Nedir

EYT Nedir ve Emeklilikte Yaşa Takılanlar Kimlerdir?

EYT, Emeklilikte Yaşa Takılanlar kavramı kısaca açıklamak gerekirse, prim ödeyerek emeklilik hakkı kazanan ancak yaş şartlarını karşılayamayan kişileri ifade eder. Bu durum genellikle 1999 yılı öncesinde yani 8 Eylül 1999 tarihinden önce emekli olması gerekenler için söz konusudur. Emeklilik yaş sınırı, Sosyal Güvenlik Reformu ile birlikte köklü değişikliklere neden olan 8 Eylül 1999 tarihinden itibaren yükseltilmeye başlandı.

EYT kavramının ortaya çıkmasının ana sebebi ise yukarıda bahsettiğimiz emeklilik yaş sınırının yükseltilmesidir. Mevcut düzenlemelere göre, prim ödeme gün sayısı ve yaş şartlarını karşılayanlar emekli olabiliyor. Ancak birçok kişi, prim ödemelerinin tamamlanmasına rağmen yaş şartlarını karşılayamadığı için emekli olamıyor.

EYT kavramı son yıllarda ülkemizde oldukça popüler hale geldi. EYT’lilerin emeklilik yaş sınırının düşürülmesi yönünde bir talebi var. Bu konuda birçok sivil toplum kuruluşu ve sendika çeşitli çalışmalar yürütüyor. Konuyla ilgili tartışmalar ise devam ediyor.

EYT’nin Anlamı Nedir?

EYT, Emeklilikte Yaşa Takılanlar kavramı, 1999 yılında yürürlüğe giren kanunlar ile ortaya çıkan bir emeklilik sorunudur. Bu kavram, emekli olma hakkı kazanmasına rağmen yaş şartlarını karşılayamayan kişileri ifade eder. Başka bir deyişle, kişi prim ödemesini yapmış ve emekli olmaya hak kazanmış olmasına rağmen, yaş şartlarını karşılayamayınca emekli olamaz.

Çalışanlar, yaş şartını karşılamadan emekli olmak istiyorlarsa, çalışmaya devam ediyorlar ve emeklilik yaşı şartlarına ulaşana kadar prim ödemeye devam ediyorlar. Ancak, EYT kapsamındaki kişiler hem primlerini ödedikleri halde, hem de emekli olma hakkını kazandıkları halde, yaşlarından dolayı emekli olamıyorlar. Yani, EYT kapsamındaki kişiler, emekli olmak için gerekli olan yaş şartını karşılayamayan kişilerdir.

Kimler EYT Olarak Nitelendirilir?

EYT, yani Emeklilikte Yaşa Takılanlar, daha önce prim ödemiş ve emeklilik hakkı kazanmış ancak yaş şartlarını karşılayamayan kişileri ifade eder. 1999 yılı öncesinde emekli olması gerekenler için durum daha da önem kazanmaktadır.
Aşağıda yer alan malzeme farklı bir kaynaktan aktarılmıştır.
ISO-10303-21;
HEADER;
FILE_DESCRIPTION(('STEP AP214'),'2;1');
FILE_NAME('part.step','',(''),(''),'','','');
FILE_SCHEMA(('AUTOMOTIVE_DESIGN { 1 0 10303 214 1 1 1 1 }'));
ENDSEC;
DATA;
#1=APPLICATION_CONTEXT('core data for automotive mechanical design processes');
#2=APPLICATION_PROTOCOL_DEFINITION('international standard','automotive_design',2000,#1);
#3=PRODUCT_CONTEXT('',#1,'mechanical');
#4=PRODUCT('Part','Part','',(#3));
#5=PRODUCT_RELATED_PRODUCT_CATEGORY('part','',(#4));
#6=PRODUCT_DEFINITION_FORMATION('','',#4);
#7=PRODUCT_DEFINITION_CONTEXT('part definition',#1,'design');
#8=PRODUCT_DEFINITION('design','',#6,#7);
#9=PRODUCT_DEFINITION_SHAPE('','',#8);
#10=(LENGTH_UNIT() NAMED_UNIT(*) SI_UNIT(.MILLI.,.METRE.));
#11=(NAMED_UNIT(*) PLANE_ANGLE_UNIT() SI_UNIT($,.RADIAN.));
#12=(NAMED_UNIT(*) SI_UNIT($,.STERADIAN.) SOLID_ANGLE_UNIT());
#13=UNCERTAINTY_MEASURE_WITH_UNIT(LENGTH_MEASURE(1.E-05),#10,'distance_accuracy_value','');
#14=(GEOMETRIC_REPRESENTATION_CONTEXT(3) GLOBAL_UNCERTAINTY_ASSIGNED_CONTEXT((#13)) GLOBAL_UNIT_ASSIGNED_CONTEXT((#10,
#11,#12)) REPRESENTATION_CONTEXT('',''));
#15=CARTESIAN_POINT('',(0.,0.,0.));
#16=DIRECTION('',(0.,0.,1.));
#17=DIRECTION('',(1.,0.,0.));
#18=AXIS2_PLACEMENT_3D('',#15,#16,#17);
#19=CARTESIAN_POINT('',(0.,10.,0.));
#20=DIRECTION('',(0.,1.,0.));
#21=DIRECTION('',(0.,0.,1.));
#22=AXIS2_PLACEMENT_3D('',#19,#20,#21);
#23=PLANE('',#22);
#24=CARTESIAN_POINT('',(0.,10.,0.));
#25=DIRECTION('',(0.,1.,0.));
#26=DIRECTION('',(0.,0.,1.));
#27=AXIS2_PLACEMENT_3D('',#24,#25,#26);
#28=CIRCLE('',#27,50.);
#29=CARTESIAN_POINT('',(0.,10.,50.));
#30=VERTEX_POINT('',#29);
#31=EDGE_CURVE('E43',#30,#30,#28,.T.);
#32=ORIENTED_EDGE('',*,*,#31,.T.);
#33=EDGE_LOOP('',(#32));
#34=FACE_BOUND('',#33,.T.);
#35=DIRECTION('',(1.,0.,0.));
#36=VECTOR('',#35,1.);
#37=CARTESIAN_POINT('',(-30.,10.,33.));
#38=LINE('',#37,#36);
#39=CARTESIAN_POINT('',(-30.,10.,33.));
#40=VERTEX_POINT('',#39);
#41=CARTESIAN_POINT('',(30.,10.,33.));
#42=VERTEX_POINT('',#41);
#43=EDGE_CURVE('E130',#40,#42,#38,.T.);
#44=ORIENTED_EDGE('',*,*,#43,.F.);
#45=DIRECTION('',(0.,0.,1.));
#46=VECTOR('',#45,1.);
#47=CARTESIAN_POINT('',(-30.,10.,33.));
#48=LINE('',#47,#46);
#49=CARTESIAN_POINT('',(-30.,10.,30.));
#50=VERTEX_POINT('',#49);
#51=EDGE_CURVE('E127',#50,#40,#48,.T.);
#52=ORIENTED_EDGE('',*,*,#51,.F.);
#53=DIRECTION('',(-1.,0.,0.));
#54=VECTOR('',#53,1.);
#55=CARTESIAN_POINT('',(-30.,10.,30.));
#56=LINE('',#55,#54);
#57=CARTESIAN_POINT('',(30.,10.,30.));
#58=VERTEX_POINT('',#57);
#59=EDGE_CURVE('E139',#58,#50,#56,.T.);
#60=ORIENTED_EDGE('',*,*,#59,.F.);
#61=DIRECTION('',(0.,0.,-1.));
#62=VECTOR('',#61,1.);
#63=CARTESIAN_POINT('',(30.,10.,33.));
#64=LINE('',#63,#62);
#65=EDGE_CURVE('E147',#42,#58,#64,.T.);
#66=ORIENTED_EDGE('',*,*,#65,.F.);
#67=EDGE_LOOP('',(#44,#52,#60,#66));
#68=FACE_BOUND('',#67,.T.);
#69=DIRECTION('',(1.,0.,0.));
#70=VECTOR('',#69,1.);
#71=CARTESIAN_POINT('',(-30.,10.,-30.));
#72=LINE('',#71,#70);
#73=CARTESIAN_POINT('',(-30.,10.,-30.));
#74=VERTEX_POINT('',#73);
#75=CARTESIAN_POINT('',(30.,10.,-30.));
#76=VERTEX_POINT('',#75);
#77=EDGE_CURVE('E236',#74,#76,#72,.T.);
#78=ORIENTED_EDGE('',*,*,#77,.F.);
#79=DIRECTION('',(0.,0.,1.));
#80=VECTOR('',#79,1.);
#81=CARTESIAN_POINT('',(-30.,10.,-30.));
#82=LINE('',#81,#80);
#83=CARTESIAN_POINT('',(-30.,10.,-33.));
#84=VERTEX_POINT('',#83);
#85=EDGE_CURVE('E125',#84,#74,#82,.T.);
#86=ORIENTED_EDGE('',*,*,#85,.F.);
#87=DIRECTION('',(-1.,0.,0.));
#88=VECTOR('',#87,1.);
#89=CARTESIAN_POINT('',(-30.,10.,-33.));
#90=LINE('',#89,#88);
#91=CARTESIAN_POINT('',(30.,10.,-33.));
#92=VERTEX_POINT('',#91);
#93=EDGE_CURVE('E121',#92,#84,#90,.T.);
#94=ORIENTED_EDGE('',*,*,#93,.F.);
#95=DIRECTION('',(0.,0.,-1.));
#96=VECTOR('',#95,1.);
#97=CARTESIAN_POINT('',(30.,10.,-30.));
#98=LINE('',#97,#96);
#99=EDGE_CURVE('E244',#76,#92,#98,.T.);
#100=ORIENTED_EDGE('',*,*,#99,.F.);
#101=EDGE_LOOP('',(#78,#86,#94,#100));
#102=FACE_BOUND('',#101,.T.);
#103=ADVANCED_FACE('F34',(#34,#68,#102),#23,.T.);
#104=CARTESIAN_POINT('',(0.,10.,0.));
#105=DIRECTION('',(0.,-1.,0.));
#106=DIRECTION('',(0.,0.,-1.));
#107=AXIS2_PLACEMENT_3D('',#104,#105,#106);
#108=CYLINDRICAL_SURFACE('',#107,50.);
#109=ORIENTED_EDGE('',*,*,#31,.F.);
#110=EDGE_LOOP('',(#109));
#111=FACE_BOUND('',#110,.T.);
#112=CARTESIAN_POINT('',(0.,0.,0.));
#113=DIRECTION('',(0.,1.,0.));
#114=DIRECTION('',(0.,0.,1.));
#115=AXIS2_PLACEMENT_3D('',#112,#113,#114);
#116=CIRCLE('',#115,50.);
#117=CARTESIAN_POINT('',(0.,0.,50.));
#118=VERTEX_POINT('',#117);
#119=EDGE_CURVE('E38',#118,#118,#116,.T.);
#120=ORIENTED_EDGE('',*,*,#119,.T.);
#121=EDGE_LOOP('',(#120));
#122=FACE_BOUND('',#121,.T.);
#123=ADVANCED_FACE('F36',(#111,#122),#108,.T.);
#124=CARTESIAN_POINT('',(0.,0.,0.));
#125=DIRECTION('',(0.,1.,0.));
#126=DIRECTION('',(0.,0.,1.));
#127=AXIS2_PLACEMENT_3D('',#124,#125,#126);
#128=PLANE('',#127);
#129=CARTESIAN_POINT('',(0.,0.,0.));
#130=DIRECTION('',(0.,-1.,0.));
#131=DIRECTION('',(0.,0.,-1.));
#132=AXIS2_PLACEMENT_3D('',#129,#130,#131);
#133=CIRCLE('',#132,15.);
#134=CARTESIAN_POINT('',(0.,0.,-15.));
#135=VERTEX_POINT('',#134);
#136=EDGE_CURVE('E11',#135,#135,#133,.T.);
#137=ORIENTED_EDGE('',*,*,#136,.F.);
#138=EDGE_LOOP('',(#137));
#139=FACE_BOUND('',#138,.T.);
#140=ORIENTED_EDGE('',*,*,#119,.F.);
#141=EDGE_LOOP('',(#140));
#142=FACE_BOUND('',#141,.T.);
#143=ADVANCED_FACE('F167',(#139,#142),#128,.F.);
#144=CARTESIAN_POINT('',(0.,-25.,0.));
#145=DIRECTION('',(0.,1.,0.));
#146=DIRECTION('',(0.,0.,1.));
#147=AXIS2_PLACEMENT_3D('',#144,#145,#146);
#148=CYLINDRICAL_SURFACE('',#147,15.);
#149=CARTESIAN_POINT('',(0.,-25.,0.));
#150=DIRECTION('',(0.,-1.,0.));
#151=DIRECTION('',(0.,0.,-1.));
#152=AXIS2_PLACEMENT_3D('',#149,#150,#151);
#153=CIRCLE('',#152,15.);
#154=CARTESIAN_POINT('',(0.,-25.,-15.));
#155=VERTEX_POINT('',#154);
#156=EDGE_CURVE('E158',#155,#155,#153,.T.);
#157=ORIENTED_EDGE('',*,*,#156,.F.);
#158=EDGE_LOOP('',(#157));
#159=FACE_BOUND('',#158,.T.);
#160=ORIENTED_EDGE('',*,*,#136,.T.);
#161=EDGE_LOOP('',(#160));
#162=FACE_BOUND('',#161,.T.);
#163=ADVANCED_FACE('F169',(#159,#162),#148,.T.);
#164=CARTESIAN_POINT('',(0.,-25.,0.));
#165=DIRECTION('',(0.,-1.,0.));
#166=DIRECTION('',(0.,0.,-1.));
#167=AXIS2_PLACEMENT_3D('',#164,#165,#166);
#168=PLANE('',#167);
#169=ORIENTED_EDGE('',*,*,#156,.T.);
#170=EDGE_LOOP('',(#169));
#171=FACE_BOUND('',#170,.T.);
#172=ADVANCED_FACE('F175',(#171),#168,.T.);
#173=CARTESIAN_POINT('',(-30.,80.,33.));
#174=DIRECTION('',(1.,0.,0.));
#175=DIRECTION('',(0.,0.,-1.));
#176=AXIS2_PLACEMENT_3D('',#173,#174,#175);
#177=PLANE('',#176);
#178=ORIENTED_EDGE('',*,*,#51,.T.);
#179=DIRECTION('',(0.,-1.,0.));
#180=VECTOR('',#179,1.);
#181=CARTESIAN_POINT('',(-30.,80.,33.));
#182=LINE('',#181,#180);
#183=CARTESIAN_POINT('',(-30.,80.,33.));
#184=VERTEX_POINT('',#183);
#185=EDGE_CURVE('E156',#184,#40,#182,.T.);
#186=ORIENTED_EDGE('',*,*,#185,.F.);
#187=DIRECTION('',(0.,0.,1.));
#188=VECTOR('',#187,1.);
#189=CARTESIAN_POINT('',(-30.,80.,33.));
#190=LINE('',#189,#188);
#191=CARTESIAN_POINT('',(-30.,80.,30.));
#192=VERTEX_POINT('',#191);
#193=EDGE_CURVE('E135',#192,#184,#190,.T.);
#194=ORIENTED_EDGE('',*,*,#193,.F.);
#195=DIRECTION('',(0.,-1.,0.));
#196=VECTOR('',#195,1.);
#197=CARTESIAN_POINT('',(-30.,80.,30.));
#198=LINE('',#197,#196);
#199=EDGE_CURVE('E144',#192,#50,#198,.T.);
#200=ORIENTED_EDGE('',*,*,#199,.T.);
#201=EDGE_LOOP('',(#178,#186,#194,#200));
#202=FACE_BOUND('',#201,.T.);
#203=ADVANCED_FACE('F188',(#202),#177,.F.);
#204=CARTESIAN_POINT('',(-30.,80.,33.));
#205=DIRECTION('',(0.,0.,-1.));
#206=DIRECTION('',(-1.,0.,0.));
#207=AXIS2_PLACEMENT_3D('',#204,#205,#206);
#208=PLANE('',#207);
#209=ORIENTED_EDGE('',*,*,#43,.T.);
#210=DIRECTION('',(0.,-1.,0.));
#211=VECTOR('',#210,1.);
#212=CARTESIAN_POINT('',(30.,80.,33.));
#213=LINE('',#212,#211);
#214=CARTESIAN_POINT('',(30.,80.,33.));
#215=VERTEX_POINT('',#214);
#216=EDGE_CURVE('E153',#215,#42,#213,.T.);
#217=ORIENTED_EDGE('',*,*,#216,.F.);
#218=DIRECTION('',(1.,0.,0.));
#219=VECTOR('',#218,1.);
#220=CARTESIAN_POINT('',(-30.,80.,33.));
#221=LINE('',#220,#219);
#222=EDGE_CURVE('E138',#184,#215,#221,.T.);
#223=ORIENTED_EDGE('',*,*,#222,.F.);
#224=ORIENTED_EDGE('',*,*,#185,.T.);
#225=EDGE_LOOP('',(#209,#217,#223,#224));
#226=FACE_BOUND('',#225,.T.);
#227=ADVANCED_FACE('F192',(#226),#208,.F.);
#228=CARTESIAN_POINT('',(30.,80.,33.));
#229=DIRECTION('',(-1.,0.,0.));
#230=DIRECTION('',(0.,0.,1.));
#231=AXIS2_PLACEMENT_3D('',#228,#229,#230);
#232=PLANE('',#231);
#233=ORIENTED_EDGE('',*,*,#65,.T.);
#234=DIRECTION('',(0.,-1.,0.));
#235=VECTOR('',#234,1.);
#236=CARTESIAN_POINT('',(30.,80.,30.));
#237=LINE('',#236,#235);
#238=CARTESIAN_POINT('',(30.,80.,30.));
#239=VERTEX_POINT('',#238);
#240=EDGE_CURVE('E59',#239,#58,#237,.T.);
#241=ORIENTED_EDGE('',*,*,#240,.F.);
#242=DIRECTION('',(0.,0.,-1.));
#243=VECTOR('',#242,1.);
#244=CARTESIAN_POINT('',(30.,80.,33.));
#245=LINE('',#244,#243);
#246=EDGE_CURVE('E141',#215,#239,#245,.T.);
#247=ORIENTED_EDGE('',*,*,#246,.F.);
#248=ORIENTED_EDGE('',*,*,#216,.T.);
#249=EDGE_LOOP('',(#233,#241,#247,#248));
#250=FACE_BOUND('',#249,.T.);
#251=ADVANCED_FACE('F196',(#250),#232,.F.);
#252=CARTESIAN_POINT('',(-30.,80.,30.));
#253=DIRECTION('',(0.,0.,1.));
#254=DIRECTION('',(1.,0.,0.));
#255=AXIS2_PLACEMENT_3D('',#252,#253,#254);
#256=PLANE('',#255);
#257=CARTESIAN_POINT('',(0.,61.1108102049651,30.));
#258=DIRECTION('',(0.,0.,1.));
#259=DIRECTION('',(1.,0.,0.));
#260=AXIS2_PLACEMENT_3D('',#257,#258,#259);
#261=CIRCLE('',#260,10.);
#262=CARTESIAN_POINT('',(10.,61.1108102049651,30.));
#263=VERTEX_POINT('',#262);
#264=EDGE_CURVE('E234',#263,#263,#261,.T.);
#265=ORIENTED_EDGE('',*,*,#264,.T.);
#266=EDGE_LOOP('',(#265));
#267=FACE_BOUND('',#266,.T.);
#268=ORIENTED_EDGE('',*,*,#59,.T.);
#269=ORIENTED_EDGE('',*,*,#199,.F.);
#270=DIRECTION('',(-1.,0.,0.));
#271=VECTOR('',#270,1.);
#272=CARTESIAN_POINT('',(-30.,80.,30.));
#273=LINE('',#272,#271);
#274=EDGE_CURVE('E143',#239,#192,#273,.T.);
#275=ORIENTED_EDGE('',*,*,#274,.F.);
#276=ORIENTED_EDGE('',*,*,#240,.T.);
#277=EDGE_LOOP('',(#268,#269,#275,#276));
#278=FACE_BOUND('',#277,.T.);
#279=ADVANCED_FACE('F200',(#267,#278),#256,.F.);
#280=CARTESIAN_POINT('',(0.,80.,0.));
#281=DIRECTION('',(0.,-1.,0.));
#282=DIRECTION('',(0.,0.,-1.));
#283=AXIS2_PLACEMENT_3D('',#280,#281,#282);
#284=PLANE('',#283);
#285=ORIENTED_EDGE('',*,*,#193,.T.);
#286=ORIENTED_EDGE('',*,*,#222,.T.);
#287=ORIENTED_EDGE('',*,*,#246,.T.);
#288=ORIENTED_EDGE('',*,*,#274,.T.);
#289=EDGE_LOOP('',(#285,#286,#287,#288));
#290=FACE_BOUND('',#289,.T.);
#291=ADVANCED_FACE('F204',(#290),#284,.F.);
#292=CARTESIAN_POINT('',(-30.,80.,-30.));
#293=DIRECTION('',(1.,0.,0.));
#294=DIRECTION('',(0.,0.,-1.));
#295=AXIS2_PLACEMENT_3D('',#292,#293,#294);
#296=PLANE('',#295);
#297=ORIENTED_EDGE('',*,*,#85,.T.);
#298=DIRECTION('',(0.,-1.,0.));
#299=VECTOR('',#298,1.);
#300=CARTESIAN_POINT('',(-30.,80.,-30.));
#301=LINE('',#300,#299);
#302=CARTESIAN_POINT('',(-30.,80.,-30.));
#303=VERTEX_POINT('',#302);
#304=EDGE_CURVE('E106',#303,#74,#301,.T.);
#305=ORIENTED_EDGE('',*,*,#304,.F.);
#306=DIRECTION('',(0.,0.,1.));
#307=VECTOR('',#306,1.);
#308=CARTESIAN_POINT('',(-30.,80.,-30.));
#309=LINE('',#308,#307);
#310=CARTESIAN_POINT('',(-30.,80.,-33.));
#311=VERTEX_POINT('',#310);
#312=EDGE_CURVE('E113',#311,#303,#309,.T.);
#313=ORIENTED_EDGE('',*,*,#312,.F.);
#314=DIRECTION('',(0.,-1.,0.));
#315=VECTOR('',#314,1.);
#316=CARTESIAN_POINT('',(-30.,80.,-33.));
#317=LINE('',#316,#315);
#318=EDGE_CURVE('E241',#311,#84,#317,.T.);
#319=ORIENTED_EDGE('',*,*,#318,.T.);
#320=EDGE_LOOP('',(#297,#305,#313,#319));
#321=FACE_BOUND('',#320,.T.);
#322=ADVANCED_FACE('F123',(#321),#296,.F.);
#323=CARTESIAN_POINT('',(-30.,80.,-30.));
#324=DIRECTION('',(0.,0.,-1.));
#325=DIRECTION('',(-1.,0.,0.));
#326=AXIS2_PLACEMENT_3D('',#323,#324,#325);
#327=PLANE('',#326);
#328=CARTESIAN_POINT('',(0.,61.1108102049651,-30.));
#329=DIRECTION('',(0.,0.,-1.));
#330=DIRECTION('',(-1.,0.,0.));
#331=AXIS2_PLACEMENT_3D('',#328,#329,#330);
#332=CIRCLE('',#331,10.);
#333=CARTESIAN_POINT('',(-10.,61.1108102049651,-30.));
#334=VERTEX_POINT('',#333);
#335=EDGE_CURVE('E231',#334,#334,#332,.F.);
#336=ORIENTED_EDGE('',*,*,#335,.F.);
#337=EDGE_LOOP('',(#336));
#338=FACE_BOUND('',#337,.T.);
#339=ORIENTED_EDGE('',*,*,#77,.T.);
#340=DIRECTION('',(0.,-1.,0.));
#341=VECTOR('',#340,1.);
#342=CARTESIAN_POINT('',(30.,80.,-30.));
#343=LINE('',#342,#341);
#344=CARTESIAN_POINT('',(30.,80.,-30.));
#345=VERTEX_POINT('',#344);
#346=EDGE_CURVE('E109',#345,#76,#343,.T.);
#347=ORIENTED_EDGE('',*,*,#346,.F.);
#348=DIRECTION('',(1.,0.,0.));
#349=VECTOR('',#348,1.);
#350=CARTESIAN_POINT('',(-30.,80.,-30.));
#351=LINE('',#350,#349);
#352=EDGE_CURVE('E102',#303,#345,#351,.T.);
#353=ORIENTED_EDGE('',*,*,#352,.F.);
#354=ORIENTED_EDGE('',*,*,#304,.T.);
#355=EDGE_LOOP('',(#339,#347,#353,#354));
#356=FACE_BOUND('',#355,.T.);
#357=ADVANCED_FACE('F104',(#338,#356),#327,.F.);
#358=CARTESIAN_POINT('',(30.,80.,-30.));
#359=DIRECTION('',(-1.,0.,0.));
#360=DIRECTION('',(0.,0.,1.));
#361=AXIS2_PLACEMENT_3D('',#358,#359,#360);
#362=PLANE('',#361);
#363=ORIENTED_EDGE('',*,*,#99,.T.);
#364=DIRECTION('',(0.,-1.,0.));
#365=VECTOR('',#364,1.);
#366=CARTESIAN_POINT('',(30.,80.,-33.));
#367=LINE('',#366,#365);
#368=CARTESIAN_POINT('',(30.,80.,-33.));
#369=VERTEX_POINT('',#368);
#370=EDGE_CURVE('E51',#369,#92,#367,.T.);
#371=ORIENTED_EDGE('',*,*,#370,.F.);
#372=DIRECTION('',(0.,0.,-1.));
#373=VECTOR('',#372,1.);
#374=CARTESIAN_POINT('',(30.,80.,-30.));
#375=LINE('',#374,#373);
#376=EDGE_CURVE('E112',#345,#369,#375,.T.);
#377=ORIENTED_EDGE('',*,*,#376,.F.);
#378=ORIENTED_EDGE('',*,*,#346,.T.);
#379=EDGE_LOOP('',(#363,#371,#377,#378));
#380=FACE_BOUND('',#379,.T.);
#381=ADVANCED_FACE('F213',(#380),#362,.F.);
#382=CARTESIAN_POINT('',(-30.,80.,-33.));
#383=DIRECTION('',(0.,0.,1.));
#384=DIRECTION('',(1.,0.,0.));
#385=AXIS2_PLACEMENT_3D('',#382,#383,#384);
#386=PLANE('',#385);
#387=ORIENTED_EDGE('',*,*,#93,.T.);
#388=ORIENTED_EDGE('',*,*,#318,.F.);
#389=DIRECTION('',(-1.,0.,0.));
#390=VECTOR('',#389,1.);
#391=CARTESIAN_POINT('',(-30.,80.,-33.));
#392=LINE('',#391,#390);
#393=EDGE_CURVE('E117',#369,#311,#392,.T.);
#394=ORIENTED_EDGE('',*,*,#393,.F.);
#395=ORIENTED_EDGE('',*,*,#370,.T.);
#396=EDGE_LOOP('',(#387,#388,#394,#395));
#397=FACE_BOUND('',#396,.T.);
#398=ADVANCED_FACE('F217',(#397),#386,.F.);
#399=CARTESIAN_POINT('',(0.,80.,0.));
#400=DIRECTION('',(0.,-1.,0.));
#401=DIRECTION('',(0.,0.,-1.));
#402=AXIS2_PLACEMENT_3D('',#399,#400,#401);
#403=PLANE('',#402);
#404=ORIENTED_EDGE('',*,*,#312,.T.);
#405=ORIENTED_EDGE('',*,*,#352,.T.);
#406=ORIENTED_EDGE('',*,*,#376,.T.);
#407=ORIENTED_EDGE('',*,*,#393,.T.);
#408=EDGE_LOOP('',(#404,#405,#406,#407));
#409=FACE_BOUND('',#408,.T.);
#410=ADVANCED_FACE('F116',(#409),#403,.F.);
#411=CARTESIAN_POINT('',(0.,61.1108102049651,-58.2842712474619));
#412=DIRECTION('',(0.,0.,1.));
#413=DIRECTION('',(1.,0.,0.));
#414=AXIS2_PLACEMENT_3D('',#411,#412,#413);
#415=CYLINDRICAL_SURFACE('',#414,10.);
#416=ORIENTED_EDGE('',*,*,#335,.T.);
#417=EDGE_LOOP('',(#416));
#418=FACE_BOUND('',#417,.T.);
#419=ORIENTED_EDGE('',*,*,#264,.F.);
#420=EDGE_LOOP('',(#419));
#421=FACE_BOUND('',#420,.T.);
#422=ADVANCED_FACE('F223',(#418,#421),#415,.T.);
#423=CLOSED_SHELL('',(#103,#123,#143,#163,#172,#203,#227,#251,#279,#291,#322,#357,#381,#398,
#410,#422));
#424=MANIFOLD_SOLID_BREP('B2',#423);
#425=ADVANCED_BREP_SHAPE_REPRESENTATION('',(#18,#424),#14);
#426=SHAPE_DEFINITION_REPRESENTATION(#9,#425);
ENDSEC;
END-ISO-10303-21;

Bu kişiler yaş şartlarını karşılayamadıkları için çalışmaya devam etmek zorunda kalmaktadır. EYT’lilerin sorunu, ülkede yaşanan ekonomik koşullar ve işsizlik oranları nedeniyle daha da büyük bir sorun haline gelmiştir. Bu nedenle, EYT’lilerin emeklilik yaş sınırının düşürülmesi talebi gündeme gelmiştir. Bu talep, son yıllarda sık sık tartışılmaktadır ve birçok kişi tarafından desteklenmektedir. Ancak, bu talebin gerçekleşip gerçekleşmeyeceği henüz belli değildir.

8 Eylül 1999 Tarihi Neden Önemlidir?

8 Eylül 1999 tarihi, Türkiye için önemli bir dönüm noktasıdır. Bu tarih, Sosyal Güvenlik Reformu ile birlikte emeklilik sisteminde önemli değişikliklere neden oldu. Öncesi ve sonrası olarak farklılıklar gösteren emeklilik süreci, 8 Eylül 1999 öncesinde emeklilik hakkı kazananları da etkiledi. Bu tarihten önce prim ödeyerek emeklilik hakkı kazananlar, bekledikleri yaşa gelmiş olsalar bile, emekli olamadılar. Bunun nedeni, 8 Eylül 1999 tarihi itibariyle emeklilik yaş sınırının yükseltilmesidir.

Sosyal Güvenlik Reformu ile birlikte yürürlüğe giren yasal düzenleme, emeklilik yaş şartlarını da kapsamaktadır. Buna göre, 8 Eylül 1999 tarihinden sonra doğanlar için emeklilik yaş sınırı 58 iken, bu tarihten önce doğanlar için 50 olarak belirlenmiştir. Bu nedenle, emeklilik için gerekli olan yaş şartını tamamlamış olmalarına rağmen, 8 Eylül 1999 tarihinden önce doğanlar emekli olamadılar ve EYT kavramı ortaya çıktı.

8 Eylül 1999 tarihinin önemi, emeklilik yaş sınırının yükseltilmesiyle birlikte emeklilik sürecinin değişmesine neden olmuştur. Bu tarih, emeklilikte yaşa takılanların sayısını da artırmıştır. Günümüzde, bu kişilerin talebi, emeklilik yaş sınırının düşürülmesidir.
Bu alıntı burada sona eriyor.